Related to this point: All of the fentanyl data for Figure 5 have been collected, but not plotted in Figure 5B and C.

We performed new experiments and now provide new data.

Additional comments to be addressed:

There are discrepancies between the methods description and source data provided.

Specifically, the Materials and methods state that "To determine whether various drugs induce respiratory rate depression, we compared the rates of mandible movements between several groups of larvae: control group (embryo medium), fentanyl group, fentanyl/naloxone group (combination of fentanyl and naloxone), fentanyl/other drugs (fentanyl and potential drug candidates). All these groups were tested simultaneously in 12-well plates (4 larvae per group if 3 groups were tested). By combining all groups in the same multi-well plate, we ensured that all animals experienced the same conditions therefore allowing comparisons between groups." In fat, the number of control fentanyl experiments used in each experiment is different from the fentanyl+drug numbers (for example, Figure 4B). How can this be if these are done all as replicates with similar number per 12 well plate?

We have modified the Materials and methods to make it clearer. We tried to have all the conditions tested at the same time in the 12-well plate. However, there were more groups and animals per group than the number of wells per plate (12). We therefore had to combine recordings from various 12-well plates. Also, due to the criteria we used to exclude fish, the number of fish measured for each condition varies considerably. After revisions of the data and new experiments performed, no recordings have been used more than once. All experimental data are now unique for each panel in the figures.

Additionally, the source data show that the fentanyl control data are exactly the same between experiments, Figures 3E, 4A, B, and probably 3B (based on the figure).

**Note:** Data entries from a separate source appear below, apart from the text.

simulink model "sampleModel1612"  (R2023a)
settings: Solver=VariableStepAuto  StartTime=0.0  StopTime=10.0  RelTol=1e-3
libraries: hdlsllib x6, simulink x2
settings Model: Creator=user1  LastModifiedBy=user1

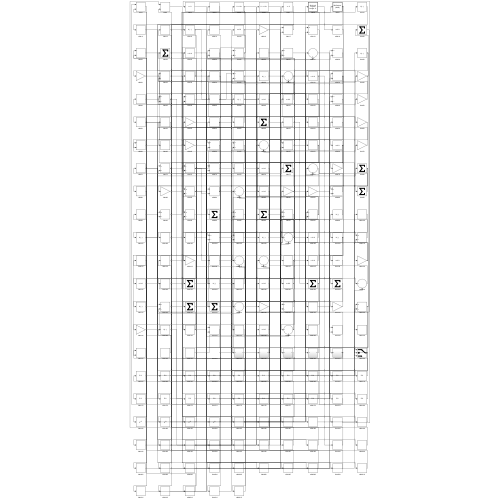
[thumbnail: Simulink's stored preview of the top-level diagram]
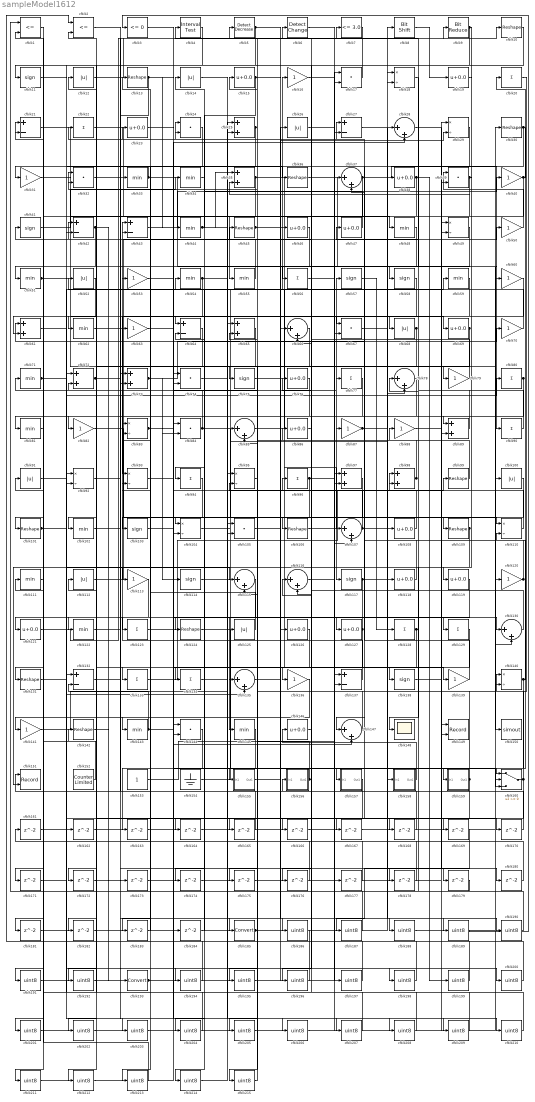
== system sampleModel1612 ==
  cfblk1 : RelationalOperator  Operator=<=  OutDataTypeStr=boolean  InputSameDT=off
  cfblk{10,13,30,36,45,99,101,106,109,124,131,142} (12 alike) : Reshape
  cfblk{12,14,26,52,68,91,100,112,125} (9 alike) : Abs  SaturateOnIntegerOverflow=off
  cfblk{33..34,44,48,51,54..55,59,62,71,81,102,111,122,143,145} (16 alike) : MinMax
  cfblk{11,41,57..58,75,103,114,117,138} (9 alike) : Signum
  cfblk{18,29,49,83,92..93,95,104,110,140} (10 alike) : Product  Inputs=*/  RndMeth=Zero  SaturateOnIntegerOverflow=on
  cfblk{17,24,32,39,67,74,84,105,144} (9 alike) : DotProduct  OutDataTypeStr=Inherit: Inherit via internal rule
  cfblk{28,37,66,78,85,107,115..116,130,135,147} (11 alike) : Sum  Inputs=|++
  cfblk{15,19,23,38,46..47,69,76,86,108,118..119,121,126..127,146} (16 alike) : Bias  Bias=0.0  SaturateOnIntegerOverflow=off
  cfblk{16,31,40,50,53,60,63,70,79,82,87..88,113,120,136,139,141} (17 alike) : Gain
  cfblk{20,22,56,77,80,90,94,96,123,128..129,133..134} (13 alike) : Sum  Inputs=+
  cfblk{21,27,42..43,64,132,137} (7 alike) : Sum  Inputs=+-
  cfblk148 : Scope
  cfblk149 : Record  FileSettingsInternal="{\"entries\":[{\"content\":{\"excelSettings\":{\"content\":{},\"type\":\"Streamout.ExcelSettings\"}},\"type\":\"Streamout.FileSettingStorage\",\"uuid\":\"\"}],\"packageUris\":[\"http:\\/\\/schema.mathworks.com\\/mf0\\/streamout_blocks\\/R2020a\"],\"version\":\"1.0\"}"  Layout=[1 1]  SignalsInternal="{\"entries\":[{\"content\":{\"signals\":[{\"content\":{\"blockPath\":[],\"dimensions\":[1],\"domain\":\"\",\"lineColor\":\"#a2142f\",\"plots\":[1],\"port\":1,\"signalID\":2323,\"signalName\":\"XY Graph:1\"},\"type\":\"RecordBlkView.Signal\",\"uuid\":\"\"},{\"content\":{\"blockPath\":[],\"dimensions\":[1],\"domain\":\"\",\"lineColor\":\"#139fff\",\"plots\":[1],\"port\":2,\"signalID\":2326,\"signalName\":\"XY Graph:2\"},\"type\":\"RecordBlkView.Signal\",\"uuid\":\"\"}]},\"type\":\"RecordBlkView.InputSignals\",\"uuid\":\"\"}],\"packageUris\":[\"http:\\/\\/schema.mathworks.com\\/mf0\\/streamout_blocks\\/R2020a\"],\"version\":\"1.0\"}"  VisualizationBindings="{\"xyplotplugin\":{\"info\":[{\"series\":[{\"bindingParametersList\":[{\"parameter\":\"X-Axis\",\"signalID\":2323,\"signalName\":\"XY Graph:1\"},{\"parameter\":\"Y-Axis\",\"signalID\":2326,\"signalName\":\"XY Graph:2\"}],\"seriesID\":49323}],\"subplotID\":1}]}}"  CompatibilityTag=XY  st=-1
  cfblk150 : ToWorkspace  VariableName=simout  SaveFormat=Timeseries  SampleTime=-1
  cfblk151 : Record  FileSettingsInternal="{\"entries\":[{\"content\":{\"excelSettings\":{\"content\":{},\"type\":\"Streamout.ExcelSettings\"}},\"type\":\"Streamout.FileSettingStorage\",\"uuid\":\"\"}],\"packageUris\":[\"http:\\/\\/schema.mathworks.com\\/mf0\\/streamout_blocks\\/R2020a\"],\"version\":\"1.0\"}"  Layout=[1 1]  SignalsInternal="{\"entries\":[{\"content\":{\"signals\":[{\"content\":{\"blockPath\":[],\"dimensions\":[1],\"domain\":\"\",\"lineColor\":\"#a2142f\",\"plots\":[1],\"port\":1,\"signalID\":2331,\"signalName\":\"XY Graph:1\"},\"type\":\"RecordBlkView.Signal\",\"uuid\":\"\"},{\"content\":{\"blockPath\":[],\"dimensions\":[1],\"domain\":\"\",\"lineColor\":\"#139fff\",\"plots\":[1],\"port\":2,\"signalID\":2334,\"signalName\":\"XY Graph:2\"},\"type\":\"RecordBlkView.Signal\",\"uuid\":\"\"}]},\"type\":\"RecordBlkView.InputSignals\",\"uuid\":\"\"}],\"packageUris\":[\"http:\\/\\/schema.mathworks.com\\/mf0\\/streamout_blocks\\/R2020a\"],\"version\":\"1.0\"}"  VisualizationBindings="{\"xyplotplugin\":{\"info\":[{\"series\":[{\"bindingParametersList\":[{\"parameter\":\"X-Axis\",\"signalID\":2331,\"signalName\":\"XY Graph:1\"},{\"parameter\":\"Y-Axis\",\"signalID\":2334,\"signalName\":\"XY Graph:2\"}],\"seriesID\":48579}],\"subplotID\":1}]}}"  CompatibilityTag=XY  st=-1
  cfblk152 : hdlsllib/Sources/Counter Limited  uplimit=7  tsamp=-1
  cfblk153 : Constant  SampleTime=-1
  cfblk154 : Ground
  cfblk155 : Subsystem
      settings: LibrarySourceBlock=|
      | hdlsllib/Ports &
      | Subsystems/Subsystem
  cfblk156 : Subsystem
      settings: LibrarySourceBlock=|
      | hdlsllib/Ports &
      | Subsystems/Subsystem
  cfblk157 : Subsystem
      settings: LibrarySourceBlock=|
      | hdlsllib/Ports &
      | Subsystems/Subsystem
  cfblk158 : Subsystem
      settings: LibrarySourceBlock=|
      | hdlsllib/Ports &
      | Subsystems/Subsystem
  cfblk159 : Subsystem
      settings: LibrarySourceBlock=|
      | hdlsllib/Ports &
      | Subsystems/Subsystem
  cfblk160 : Switch  SaturateOnIntegerOverflow=off  InputSameDT=off
  cfblk{161..184} (24 alike) : Delay  SampleTime=1
  cfblk185 : DataTypeConversion  SaturateOnIntegerOverflow=off  RndMeth=Floor
  cfblk{186..192,194..215} (29 alike) : DataTypeConversion  OutDataTypeStr=uint8  SaturateOnIntegerOverflow=off  RndMeth=Floor
  cfblk193 : DataTypeConversion  SaturateOnIntegerOverflow=off  RndMeth=Floor
  cfblk2 : RelationalOperator  Operator=<=  OutDataTypeStr=boolean  InputSameDT=off
  cfblk{25,35,61,65,72..73,89,97..98} (9 alike) : Sum
  cfblk3 : hdlsllib/Logic and Bit Operations/Compare To Zero  relop=<=  OutDataTypeStr=boolean
  cfblk4 : hdlsllib/Logic and Bit Operations/Interval Test  IntervalClosedRight=on  uplimit=0.5  IntervalClosedLeft=on  lowlimit=-0.5  OutDataTypeStr=boolean
  cfblk5 : simulink/Logic and Bit Operations/Detect Decrease  vinit=0.0  OutDataTypeStr=boolean
      settings: LibrarySourceBlock=|
      | hdlsllib/Logic and Bit
      | Operations/Detect
      | Decrease
  cfblk6 : simulink/Logic and Bit Operations/Detect Change  vinit=0  OutDataTypeStr=boolean
      settings: LibrarySourceBlock=|
      | hdlsllib/Logic and Bit
      | Operations/Detect
      | Change
  cfblk7 : hdlsllib/Logic and Bit Operations/Compare To Constant  relop=<=  const=3.0  OutDataTypeStr=boolean
  cfblk8 : hdlsllib/Logic and Bit Operations/Bit Shift  mode=Shift Left Logical  N=0
  cfblk9 : hdlsllib/Logic and Bit Operations/Bit Reduce  mode=AND
  wires:
  cfblk137/1 -> cfblk43/1
  cfblk57/1 -> cfblk128/1
  cfblk121/1 -> cfblk7/1
  cfblk5/1 -> cfblk42/2, cfblk178/1
  cfblk39/1 -> cfblk55/1, cfblk109/1, cfblk35/2
  cfblk112/1 -> cfblk45/1
  cfblk98/1 -> cfblk53/1, cfblk32/1
  cfblk114/1 -> cfblk16/1
  cfblk75/1 -> cfblk139/1
  cfblk37/1 -> cfblk90/1, cfblk66/2
  cfblk107/1 -> cfblk96/1, cfblk160/3
  cfblk130/1 -> cfblk41/1
  cfblk106/1 -> cfblk57/1
  cfblk62/1 -> cfblk25/1
  cfblk35/1 -> cfblk117/1, cfblk124/1
  cfblk113/1 -> cfblk121/1
  cfblk82/1 -> cfblk110/1
  cfblk31/1 -> cfblk68/1
  cfblk143/1 -> cfblk12/1, cfblk99/1
  cfblk158/1(Out1) -> cfblk146/1
  cfblk8/1 -> cfblk19/1
  cfblk36/1 -> cfblk120/1
  cfblk131/1 -> cfblk59/1
  cfblk99/1 -> cfblk78/1
  cfblk12/1 -> cfblk9/1
  cfblk51/1 -> cfblk150/1, cfblk191/1, cfblk194/1
  cfblk154/1 -> cfblk98/1
  cfblk33/1 -> cfblk158/1(In1), cfblk31/1
  cfblk10/1 -> cfblk56/1
  cfblk139/1 -> cfblk27/1
  cfblk64/1 -> cfblk93/1
  cfblk46/1 -> cfblk133/1
  cfblk1/1 -> cfblk51/1
  cfblk25/1 -> cfblk5/1, cfblk202/1
  cfblk125/1 -> cfblk13/1
  cfblk66/1 -> cfblk82/1
  cfblk84/1 -> cfblk106/1, cfblk72/2
  cfblk109/1 -> cfblk148/1, cfblk151/2
  cfblk53/1 -> cfblk155/1(In1)
  cfblk153/1 -> cfblk27/2
  cfblk73/1 -> cfblk70/1, cfblk84/2, cfblk28/2, cfblk138/1
  cfblk140/1 -> cfblk110/2, cfblk183/1
  cfblk118/1 -> cfblk61/1
  cfblk50/1 -> cfblk39/1
  cfblk9/1 -> cfblk119/1, cfblk92/2
  cfblk15/1 -> cfblk104/1, cfblk79/1
  cfblk38/1 -> cfblk176/1, cfblk199/1
  cfblk68/1 -> cfblk136/1, cfblk75/1
  cfblk11/1 -> cfblk36/1
  cfblk133/1 -> cfblk8/1
  cfblk22/1 -> cfblk118/1
  cfblk142/1 -> cfblk193/1
  cfblk56/1 -> cfblk137/2
  cfblk67/1 -> cfblk78/2
  cfblk2/1 -> cfblk185/1
  cfblk123/1 -> cfblk28/1
  cfblk42/1 -> cfblk101/1, cfblk173/1
  cfblk87/1 -> cfblk129/1, cfblk37/2
  cfblk117/1 -> cfblk127/1, cfblk160/2, cfblk181/1
  cfblk79/1 -> cfblk24/1
  cfblk104/1 -> cfblk18/1
  cfblk141/1 -> cfblk25/2
  cfblk41/1 -> cfblk34/1
  cfblk55/1 -> cfblk21/1
  cfblk111/1 -> cfblk131/1
  cfblk90/1 -> cfblk47/1
  cfblk135/1 -> cfblk46/1
  cfblk76/1 -> cfblk134/1
  cfblk136/1 -> cfblk141/1
  cfblk80/1 -> cfblk81/1, cfblk149/2
  cfblk100/1 -> cfblk147/1
  cfblk7/1 -> cfblk62/1
  cfblk44/1 -> cfblk24/2, cfblk67/1, cfblk35/1
  cfblk20/1 -> cfblk140/1
  cfblk24/1 -> cfblk123/1
  cfblk19/1 -> cfblk89/1
  cfblk43/1 -> cfblk40/1
  cfblk52/1 -> cfblk61/2
  cfblk58/1 -> cfblk83/1
  cfblk160/1 -> cfblk42/1, cfblk174/1, cfblk175/1
  cfblk23/1 -> cfblk130/1
  cfblk21/1 -> cfblk84/1
  cfblk72/1 -> cfblk33/1, cfblk212/1
  cfblk110/1 -> cfblk15/1
  cfblk124/1 -> cfblk157/1(In1)
  cfblk48/1 -> cfblk102/1
  cfblk127/1 -> cfblk122/1, cfblk192/1
  cfblk96/1 -> cfblk103/1, cfblk159/1(In1)
  cfblk47/1 -> cfblk14/1
  cfblk30/1 -> cfblk160/1, cfblk144/2
  cfblk61/1 -> cfblk115/1
  cfblk26/1 -> cfblk60/1
  cfblk60/1 -> cfblk64/1
  cfblk101/1 -> cfblk80/1, cfblk135/2
  cfblk138/1 -> cfblk149/1
  cfblk85/1 -> cfblk17/2
  cfblk70/1 -> cfblk23/1
  cfblk59/1 -> cfblk113/1
  cfblk103/1 -> cfblk77/1
  cfblk45/1 -> cfblk29/2, cfblk168/1
  cfblk89/1 -> cfblk4/1
  cfblk40/1 -> cfblk20/1, cfblk211/1
  cfblk159/1(Out1) -> cfblk151/1, cfblk71/1, cfblk169/1
  cfblk156/1(Out1) -> cfblk85/2, cfblk86/1
  cfblk94/1 -> cfblk143/1
  cfblk147/1 -> cfblk52/1, cfblk32/2
  cfblk120/1 -> cfblk87/1, cfblk22/1
  cfblk83/1 -> cfblk50/1, cfblk114/1
  cfblk17/1 -> cfblk11/1
  cfblk71/1 -> cfblk170/1, cfblk203/1
  cfblk108/1 -> cfblk76/1
  cfblk115/1 -> cfblk145/1
  cfblk92/1 -> cfblk10/1
  cfblk69/1 -> cfblk104/2, cfblk135/1
  cfblk28/1 -> cfblk89/2
  cfblk155/1(Out1) -> cfblk126/1
  cfblk34/1 -> cfblk94/1
  cfblk128/1 -> cfblk98/2, cfblk164/1
  cfblk14/1 -> cfblk125/1
  cfblk146/1 -> cfblk6/1
  cfblk152/1 -> cfblk111/1
  cfblk29/1 -> cfblk107/1
  cfblk18/1 -> cfblk58/1
  cfblk54/1 -> cfblk69/1, cfblk63/1
  cfblk16/1 -> cfblk48/1
  cfblk13/1 -> cfblk73/2, cfblk147/2, cfblk44/1
  cfblk77/1 -> cfblk115/2
  cfblk161/1 -> cfblk85/1
  cfblk91/1 -> cfblk162/1
  cfblk162/1 -> cfblk17/1
  cfblk144/1 -> cfblk163/1
  cfblk164/1 -> cfblk64/2
  cfblk126/1 -> cfblk165/1
  cfblk165/1 -> cfblk21/2
  cfblk134/1 -> cfblk166/1
  cfblk166/1 -> cfblk140/2
  cfblk78/1 -> cfblk167/1
  cfblk167/1 -> cfblk130/2
  cfblk168/1 -> cfblk83/2
  cfblk170/1 -> cfblk73/1
  cfblk81/1 -> cfblk171/1
  cfblk171/1 -> cfblk92/1
  cfblk4/1 -> cfblk172/1
  cfblk173/1 -> cfblk39/2
  cfblk174/1 -> cfblk29/1
  cfblk175/1 -> cfblk107/2
  cfblk176/1 -> cfblk1/2
  cfblk177/1 -> cfblk43/2
  cfblk178/1 -> cfblk72/1
  cfblk122/1 -> cfblk179/1
  cfblk179/1 -> cfblk1/1
  cfblk88/1 -> cfblk180/1
  cfblk180/1 -> cfblk137/1
  cfblk181/1 -> cfblk18/2
  cfblk157/1(Out1) -> cfblk182/1
  cfblk182/1 -> cfblk37/1
  cfblk183/1 -> cfblk93/2
  cfblk63/1 -> cfblk184/1
  cfblk184/1 -> cfblk54/1
  cfblk185/1 -> cfblk38/1, cfblk67/2, cfblk108/1
  cfblk32/1 -> cfblk186/1
  cfblk186/1 -> cfblk2/1
  cfblk169/1 -> cfblk187/1
  cfblk187/1 -> cfblk2/2
  cfblk3/1 -> cfblk188/1
  cfblk188/1 -> cfblk100/1
  cfblk27/1 -> cfblk189/1
  cfblk189/1 -> cfblk3/1
  cfblk105/1 -> cfblk190/1
  cfblk190/1 -> cfblk88/1
  cfblk191/1 -> cfblk105/1
  cfblk192/1 -> cfblk105/2
  cfblk193/1 -> cfblk66/1, cfblk26/1
  cfblk194/1 -> cfblk142/1
  cfblk95/1 -> cfblk195/1
  cfblk195/1 -> cfblk177/1
  cfblk86/1 -> cfblk196/1
  cfblk196/1 -> cfblk95/1
  cfblk6/1 -> cfblk197/1
  cfblk197/1 -> cfblk95/2
  cfblk116/1 -> cfblk198/1
  cfblk198/1 -> cfblk112/1
  cfblk199/1 -> cfblk116/1
  cfblk172/1 -> cfblk200/1
  cfblk200/1 -> cfblk116/2
  cfblk49/1 -> cfblk201/1
  cfblk201/1 -> cfblk30/1
  cfblk202/1 -> cfblk49/1
  cfblk203/1 -> cfblk49/2
  cfblk97/1 -> cfblk204/1
  cfblk204/1 -> cfblk161/1
  cfblk129/1 -> cfblk205/1
  cfblk205/1 -> cfblk97/1
  cfblk102/1 -> cfblk206/1
  cfblk206/1 -> cfblk97/2
  cfblk132/1 -> cfblk207/1
  cfblk207/1 -> cfblk156/1(In1)
  cfblk163/1 -> cfblk208/1
  cfblk208/1 -> cfblk132/1
  cfblk93/1 -> cfblk209/1
  cfblk209/1 -> cfblk132/2
  cfblk74/1 -> cfblk210/1
  cfblk210/1 -> cfblk144/1
  cfblk211/1 -> cfblk74/1
  cfblk212/1 -> cfblk74/2
  cfblk65/1 -> cfblk213/1
  cfblk213/1 -> cfblk91/1
  cfblk145/1 -> cfblk214/1
  cfblk214/1 -> cfblk65/1
  cfblk119/1 -> cfblk215/1
  cfblk215/1 -> cfblk65/2

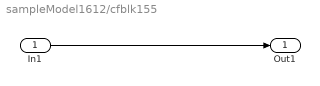
== system sampleModel1612/cfblk155 ==
  In1 : Inport
  Out1 : Outport
  wires:
  In1/1 -> Out1/1

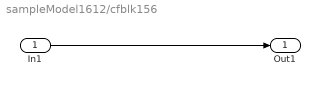
== system sampleModel1612/cfblk156 ==
  In1 : Inport
  Out1 : Outport
  wires:
  In1/1 -> Out1/1

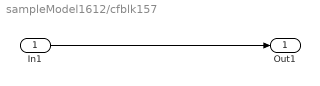
== system sampleModel1612/cfblk157 ==
  In1 : Inport
  Out1 : Outport
  wires:
  In1/1 -> Out1/1

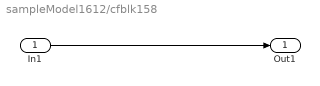
== system sampleModel1612/cfblk158 ==
  In1 : Inport
  Out1 : Outport
  wires:
  In1/1 -> Out1/1

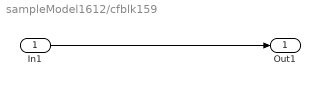
== system sampleModel1612/cfblk159 ==
  In1 : Inport
  Out1 : Outport
  wires:
  In1/1 -> Out1/1

Also, these data are mostly the same as Figure 2E. However, in the source data, each of these exact same data points has a different fish number annotated. Are these the same fish or different fish? There is an error somewhere and this is absolutely critical to explain since the comparison cohort impacts every conclusion made about mandibular movement. Conclusions shown to be statistically significant or "tending that way" may no longer be valid conclusions.

We repeated the experiments, carefully checked all the data and updated the spreadsheet accordingly. Data points of each condition are unique and have never been used more than once.

A central hypothesis is that mandibular movement produced by the paratrigeminal group represents the respiratory rhythm created by the preBötC. However, two successful pharmacological approaches that rescue opioid depression of the preBötC in rodents, 5HT4a (BIMU8, Mazke et al.) and ampakine therapy (CX614, Lorier et al.), do not significantly rescue fentanyl suppression of mandibular jaw movement (Figure 4). Please address these findings.

We agree with the reviewers. Although BIMU-8 was successful in some animal studies it had limited success in humans. In our experiments, BIMU-8 did not reverse respiratory depression, which may be due to differences in the serotoninergic system of zebrafish or differences in drug diffusion through the fish brain blood barrier. We address it in the Discussion.

Although the data may trend towards significance, there is a concern about the comparison cohort used. The 1µM fentanyl data used in Figure 3B, E and Figure 4A, B appears to be the same, but different than or partially overlapping with the fentanyl cohort in Figure 2E. Since the "% baseline change" in Figure 2E is less, if these data are included in Figures 3 and 4, these trending rescues would become less obvious. A clearer experiment might be to attempt rescue of mandibular movement in the same animal after measuring its mandibular depression.

We have performed additional experiments to answer these questions. We do not perform sequential experiments with several conditions in the same fish, because drug pipetting and movement of the multi-well plate affect mandible and behavioral recordings.